Dans ce cas, l’autre rencontré devient porteur de ¬ S, c’est à dire de la perte de toute potentialité. C’est le manque absolu, le vide intrinsèque, le trou constitutif de l’autre qui apparaît. Il y a extinction de tout, sauf de ce passage à vide. Le sujet n’existe plus, pas plus que le porteur de vide qui se résume à son vide. C’est la structure psychique qui permet cela, de pouvoir intégrer le vide dans son fonctionnement tétravalent grâce à cette formulation apophatique. Ce que ne peuvent réellement faire les aristotéliciens avec leur prédicat positif d’emblée. Il a fallut 23 siècles (!) pour que la notion de vide soit réanimée et réellement étudiée en science par l’anglais Dalton, au 19ème siècle, tellement l’horreur aristotélicienne du vide avait marqué les esprits en Occident.

C’est dans la rencontre du corps sexué de l’autre que se fera, pour l’enfant, la confrontation au vide et la mise en route fonctionnelle de cette formulation apophatique de la tétravalence.
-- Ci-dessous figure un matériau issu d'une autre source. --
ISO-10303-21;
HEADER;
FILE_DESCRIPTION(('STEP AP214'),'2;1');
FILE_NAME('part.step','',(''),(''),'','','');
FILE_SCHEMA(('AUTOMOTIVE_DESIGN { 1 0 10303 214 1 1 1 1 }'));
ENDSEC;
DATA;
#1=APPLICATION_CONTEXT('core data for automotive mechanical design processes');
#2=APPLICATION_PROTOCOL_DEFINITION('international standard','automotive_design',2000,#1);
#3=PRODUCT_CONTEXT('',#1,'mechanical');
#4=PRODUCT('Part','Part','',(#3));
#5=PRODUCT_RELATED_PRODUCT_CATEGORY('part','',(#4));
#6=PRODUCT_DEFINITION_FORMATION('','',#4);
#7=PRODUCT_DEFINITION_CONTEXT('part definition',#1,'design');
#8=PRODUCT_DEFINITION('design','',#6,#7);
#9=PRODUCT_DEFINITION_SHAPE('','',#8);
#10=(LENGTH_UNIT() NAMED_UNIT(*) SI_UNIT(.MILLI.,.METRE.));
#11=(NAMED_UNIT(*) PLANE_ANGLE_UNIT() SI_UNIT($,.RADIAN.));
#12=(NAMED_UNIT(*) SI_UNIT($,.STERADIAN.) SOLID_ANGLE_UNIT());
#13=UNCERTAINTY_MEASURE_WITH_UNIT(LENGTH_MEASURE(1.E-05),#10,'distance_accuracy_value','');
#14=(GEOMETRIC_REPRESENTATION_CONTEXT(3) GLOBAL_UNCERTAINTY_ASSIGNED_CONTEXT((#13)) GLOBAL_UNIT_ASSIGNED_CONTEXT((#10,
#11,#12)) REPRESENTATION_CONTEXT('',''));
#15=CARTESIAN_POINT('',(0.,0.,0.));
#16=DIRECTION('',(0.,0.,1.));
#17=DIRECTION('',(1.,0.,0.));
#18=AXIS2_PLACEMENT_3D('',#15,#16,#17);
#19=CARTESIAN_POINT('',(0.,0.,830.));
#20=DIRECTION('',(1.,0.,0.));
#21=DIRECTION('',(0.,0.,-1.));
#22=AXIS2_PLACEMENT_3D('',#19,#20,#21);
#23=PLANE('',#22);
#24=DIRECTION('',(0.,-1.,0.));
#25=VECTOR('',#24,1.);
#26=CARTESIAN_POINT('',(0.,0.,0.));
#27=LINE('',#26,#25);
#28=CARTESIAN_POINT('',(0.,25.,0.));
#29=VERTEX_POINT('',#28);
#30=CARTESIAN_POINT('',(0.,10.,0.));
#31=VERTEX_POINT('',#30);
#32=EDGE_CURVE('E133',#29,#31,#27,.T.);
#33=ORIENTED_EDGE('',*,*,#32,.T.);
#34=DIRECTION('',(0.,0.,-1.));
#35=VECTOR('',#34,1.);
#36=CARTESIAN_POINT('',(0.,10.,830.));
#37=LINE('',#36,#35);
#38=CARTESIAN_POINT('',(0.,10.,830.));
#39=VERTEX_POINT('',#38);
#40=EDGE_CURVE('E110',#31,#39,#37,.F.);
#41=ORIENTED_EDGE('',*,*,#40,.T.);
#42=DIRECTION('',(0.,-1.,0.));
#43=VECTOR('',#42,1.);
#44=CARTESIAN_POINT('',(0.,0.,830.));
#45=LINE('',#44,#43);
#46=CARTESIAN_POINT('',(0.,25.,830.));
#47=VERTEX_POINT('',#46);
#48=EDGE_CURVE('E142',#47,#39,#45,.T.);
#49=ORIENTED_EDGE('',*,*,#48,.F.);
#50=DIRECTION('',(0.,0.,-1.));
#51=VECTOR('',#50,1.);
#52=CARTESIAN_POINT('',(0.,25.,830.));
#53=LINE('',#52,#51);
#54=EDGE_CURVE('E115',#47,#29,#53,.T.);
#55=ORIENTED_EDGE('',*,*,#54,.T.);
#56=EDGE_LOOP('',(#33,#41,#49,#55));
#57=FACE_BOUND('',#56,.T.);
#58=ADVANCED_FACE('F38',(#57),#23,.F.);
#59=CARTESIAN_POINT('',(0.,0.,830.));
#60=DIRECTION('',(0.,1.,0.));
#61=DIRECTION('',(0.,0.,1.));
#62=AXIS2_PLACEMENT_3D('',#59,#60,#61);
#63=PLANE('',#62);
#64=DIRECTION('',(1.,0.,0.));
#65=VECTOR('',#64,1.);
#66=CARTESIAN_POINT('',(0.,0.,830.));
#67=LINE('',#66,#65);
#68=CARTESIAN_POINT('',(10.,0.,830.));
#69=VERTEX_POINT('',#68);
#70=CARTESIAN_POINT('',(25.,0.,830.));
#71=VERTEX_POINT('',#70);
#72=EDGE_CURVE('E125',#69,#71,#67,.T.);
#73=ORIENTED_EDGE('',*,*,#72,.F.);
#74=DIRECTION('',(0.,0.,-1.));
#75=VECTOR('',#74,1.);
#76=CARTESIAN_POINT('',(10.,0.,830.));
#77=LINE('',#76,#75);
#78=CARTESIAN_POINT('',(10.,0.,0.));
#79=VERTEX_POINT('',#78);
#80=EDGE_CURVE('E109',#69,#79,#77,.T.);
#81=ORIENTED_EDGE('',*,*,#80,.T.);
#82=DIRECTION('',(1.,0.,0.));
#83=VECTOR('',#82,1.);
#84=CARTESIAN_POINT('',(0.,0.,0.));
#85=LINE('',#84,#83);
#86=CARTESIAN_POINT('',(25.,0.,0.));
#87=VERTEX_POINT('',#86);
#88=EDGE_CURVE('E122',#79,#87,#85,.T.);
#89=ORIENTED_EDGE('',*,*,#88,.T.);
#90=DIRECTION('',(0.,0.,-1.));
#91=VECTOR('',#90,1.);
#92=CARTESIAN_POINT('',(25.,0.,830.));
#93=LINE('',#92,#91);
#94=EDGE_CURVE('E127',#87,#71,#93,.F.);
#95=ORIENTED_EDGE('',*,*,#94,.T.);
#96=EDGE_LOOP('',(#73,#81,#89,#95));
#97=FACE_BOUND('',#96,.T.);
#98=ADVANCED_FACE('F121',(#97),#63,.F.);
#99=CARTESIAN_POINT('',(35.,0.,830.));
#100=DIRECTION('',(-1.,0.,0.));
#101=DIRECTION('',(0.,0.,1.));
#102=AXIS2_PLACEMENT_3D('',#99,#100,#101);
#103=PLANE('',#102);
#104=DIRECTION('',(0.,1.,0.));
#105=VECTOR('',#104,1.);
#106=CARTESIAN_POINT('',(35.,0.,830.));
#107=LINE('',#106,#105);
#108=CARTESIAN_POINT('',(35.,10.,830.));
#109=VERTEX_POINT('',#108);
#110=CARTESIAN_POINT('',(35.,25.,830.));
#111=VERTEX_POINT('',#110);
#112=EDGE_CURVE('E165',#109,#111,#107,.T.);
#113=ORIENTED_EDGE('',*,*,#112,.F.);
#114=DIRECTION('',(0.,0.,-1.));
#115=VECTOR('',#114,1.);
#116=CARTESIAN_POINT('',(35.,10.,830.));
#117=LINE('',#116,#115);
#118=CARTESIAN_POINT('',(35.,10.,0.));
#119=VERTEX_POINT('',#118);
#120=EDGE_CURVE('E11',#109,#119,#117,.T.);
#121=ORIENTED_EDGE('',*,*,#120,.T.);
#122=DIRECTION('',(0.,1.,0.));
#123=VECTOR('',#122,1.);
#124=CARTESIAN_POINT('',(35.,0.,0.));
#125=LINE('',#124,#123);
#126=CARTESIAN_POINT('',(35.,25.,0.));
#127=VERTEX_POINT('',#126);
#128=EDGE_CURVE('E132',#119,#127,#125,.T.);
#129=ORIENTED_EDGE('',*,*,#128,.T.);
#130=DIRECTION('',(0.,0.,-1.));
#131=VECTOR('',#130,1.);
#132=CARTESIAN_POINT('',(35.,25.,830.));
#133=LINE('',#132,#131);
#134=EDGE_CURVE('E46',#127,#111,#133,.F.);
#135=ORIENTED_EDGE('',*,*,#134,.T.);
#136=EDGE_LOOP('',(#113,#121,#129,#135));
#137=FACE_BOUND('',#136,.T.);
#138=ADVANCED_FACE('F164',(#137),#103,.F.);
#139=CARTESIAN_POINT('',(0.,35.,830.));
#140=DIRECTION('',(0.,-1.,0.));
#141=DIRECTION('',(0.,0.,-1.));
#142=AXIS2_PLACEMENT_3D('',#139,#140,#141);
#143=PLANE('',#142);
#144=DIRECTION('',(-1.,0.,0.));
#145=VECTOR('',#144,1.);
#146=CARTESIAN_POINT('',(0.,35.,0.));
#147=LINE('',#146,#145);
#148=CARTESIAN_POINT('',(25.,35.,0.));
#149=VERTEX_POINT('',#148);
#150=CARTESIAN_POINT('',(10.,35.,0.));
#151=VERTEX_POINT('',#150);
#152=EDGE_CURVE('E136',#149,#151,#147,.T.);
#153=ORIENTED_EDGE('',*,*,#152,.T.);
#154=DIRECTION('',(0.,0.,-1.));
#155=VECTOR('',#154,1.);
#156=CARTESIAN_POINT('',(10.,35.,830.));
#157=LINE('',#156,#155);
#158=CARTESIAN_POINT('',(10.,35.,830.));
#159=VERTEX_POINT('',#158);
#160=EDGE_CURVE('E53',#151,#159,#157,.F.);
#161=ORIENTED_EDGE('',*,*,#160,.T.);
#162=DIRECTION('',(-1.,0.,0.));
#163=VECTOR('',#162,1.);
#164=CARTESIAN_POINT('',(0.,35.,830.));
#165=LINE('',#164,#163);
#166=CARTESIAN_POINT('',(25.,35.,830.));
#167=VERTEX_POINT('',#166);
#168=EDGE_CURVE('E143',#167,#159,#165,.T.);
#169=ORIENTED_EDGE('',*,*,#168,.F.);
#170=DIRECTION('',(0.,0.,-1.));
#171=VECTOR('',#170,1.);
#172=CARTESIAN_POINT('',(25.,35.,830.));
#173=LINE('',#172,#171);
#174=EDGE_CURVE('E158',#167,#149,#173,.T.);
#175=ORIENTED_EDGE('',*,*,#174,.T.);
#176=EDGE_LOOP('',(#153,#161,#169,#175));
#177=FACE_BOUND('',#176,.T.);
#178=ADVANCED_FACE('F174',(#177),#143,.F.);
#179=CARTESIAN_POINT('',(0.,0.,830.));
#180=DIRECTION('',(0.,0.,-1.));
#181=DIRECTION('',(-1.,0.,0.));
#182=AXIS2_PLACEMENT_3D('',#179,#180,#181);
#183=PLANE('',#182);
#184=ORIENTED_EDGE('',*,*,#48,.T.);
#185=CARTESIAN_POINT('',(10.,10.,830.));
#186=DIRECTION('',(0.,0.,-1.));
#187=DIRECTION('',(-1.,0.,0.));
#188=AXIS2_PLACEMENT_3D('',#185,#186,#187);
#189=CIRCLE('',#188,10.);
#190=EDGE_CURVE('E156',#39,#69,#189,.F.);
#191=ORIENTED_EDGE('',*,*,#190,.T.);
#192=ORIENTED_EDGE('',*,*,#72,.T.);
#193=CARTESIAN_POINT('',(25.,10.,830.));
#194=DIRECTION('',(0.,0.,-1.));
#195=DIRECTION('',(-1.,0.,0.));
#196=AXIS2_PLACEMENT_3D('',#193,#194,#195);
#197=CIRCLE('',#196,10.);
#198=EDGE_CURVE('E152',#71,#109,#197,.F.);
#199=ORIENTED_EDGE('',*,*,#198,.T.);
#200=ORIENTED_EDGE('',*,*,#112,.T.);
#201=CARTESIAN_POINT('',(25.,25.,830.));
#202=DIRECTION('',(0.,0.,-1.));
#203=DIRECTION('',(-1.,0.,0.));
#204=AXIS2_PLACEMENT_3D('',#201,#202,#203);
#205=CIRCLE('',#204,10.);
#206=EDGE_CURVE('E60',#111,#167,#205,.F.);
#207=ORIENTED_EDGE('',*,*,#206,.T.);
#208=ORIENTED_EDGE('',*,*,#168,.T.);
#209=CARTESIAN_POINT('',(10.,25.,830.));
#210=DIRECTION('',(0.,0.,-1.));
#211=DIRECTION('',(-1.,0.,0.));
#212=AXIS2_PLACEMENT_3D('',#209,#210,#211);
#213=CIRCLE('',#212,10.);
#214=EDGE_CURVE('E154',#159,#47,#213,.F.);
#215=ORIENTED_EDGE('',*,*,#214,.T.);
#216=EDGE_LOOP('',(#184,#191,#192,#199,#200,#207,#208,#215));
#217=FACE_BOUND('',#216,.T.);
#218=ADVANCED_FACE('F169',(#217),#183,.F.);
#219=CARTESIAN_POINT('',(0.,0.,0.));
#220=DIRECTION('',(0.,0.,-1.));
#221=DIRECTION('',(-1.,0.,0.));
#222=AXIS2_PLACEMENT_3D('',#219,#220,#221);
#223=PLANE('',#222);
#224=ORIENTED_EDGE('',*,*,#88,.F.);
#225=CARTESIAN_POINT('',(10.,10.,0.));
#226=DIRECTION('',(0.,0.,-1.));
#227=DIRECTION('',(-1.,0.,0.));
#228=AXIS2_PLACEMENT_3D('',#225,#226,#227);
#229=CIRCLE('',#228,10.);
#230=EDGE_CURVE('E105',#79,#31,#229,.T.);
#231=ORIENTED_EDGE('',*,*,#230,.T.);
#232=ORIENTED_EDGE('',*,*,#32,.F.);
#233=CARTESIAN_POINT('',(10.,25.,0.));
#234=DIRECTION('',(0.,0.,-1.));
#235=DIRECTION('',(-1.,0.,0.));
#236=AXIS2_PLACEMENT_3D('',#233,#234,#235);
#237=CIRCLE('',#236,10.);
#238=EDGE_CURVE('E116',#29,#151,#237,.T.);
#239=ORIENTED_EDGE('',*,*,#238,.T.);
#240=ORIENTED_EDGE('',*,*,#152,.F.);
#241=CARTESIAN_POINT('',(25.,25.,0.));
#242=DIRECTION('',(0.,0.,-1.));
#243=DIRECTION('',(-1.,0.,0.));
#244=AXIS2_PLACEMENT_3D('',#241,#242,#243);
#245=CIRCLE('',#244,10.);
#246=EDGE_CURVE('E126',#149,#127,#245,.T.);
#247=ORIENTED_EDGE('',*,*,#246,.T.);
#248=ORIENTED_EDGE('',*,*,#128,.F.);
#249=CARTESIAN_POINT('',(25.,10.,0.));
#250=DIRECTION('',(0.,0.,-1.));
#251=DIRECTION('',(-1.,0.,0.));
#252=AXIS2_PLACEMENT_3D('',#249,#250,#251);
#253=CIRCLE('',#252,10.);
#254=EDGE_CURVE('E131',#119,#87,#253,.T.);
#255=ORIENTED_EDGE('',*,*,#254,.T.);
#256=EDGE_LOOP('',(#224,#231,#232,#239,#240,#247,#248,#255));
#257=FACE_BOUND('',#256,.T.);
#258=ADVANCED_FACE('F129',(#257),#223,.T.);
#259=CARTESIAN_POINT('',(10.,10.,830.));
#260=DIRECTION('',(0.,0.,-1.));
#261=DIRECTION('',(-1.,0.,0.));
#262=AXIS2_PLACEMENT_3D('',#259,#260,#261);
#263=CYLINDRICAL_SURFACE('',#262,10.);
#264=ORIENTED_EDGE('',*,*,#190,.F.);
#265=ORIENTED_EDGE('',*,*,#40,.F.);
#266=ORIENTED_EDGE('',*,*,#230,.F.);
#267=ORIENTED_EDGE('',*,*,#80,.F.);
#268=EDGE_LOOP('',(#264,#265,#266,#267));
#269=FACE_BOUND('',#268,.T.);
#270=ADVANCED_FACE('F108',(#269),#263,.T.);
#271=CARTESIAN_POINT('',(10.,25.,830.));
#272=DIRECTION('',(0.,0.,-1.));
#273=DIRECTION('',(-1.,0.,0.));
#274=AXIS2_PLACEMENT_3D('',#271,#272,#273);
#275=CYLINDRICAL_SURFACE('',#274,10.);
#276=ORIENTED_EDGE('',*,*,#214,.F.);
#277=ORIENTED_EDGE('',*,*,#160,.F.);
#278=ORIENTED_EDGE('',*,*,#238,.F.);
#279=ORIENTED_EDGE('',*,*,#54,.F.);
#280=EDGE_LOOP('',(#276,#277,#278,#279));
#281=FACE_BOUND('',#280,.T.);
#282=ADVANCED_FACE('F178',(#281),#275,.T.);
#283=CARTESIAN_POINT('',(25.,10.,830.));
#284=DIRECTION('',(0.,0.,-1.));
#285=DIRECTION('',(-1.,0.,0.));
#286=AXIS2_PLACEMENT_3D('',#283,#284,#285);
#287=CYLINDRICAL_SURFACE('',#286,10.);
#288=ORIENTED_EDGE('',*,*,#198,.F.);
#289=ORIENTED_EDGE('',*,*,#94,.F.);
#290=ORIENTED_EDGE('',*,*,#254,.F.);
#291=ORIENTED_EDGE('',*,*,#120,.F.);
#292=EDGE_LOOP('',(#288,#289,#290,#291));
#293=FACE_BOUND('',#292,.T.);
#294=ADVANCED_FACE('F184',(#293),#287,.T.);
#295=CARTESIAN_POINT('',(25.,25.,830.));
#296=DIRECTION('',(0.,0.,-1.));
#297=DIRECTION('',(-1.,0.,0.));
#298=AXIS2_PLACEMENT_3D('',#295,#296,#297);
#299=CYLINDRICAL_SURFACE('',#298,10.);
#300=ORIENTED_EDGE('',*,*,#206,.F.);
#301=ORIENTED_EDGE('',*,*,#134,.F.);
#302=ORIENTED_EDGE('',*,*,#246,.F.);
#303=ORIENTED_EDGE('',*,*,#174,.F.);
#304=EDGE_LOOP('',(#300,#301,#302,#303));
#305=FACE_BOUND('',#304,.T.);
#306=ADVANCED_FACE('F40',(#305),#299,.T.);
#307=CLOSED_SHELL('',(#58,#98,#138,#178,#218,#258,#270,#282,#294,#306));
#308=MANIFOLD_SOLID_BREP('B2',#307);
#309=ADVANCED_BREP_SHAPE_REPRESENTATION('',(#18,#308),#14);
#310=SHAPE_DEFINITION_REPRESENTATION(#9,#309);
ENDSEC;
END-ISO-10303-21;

Celle-ci fait oeuvre de clé de voûte de la construction psychique. Le concept de “castration” des psychanalystes doit être compris ainsi : c’est d’emblée, dans la constitution même de l’appareil psychique, dans les permutations au quart de tour des éléments tétravalents du psychisme, que l’accès au vide, au manque, à l’absence, se réalise pour l’être humain qui est aux prises avec sa sexuation.
fig.1 - Le vide intrinsèque de la structure inscrit comme objet a dans le discours de l’Analyste de J. Lacan :

Cela ne veut pas dire que cet accès au vide soit d’emblée efficient, tant il nécessite un fonctionnement global et harmonieux du psychisme pour pouvoir se dévoiler un jour et servir à la jouissance de l’acte sexuel. Beaucoup de personnes n’y arrivent pas, ou mal.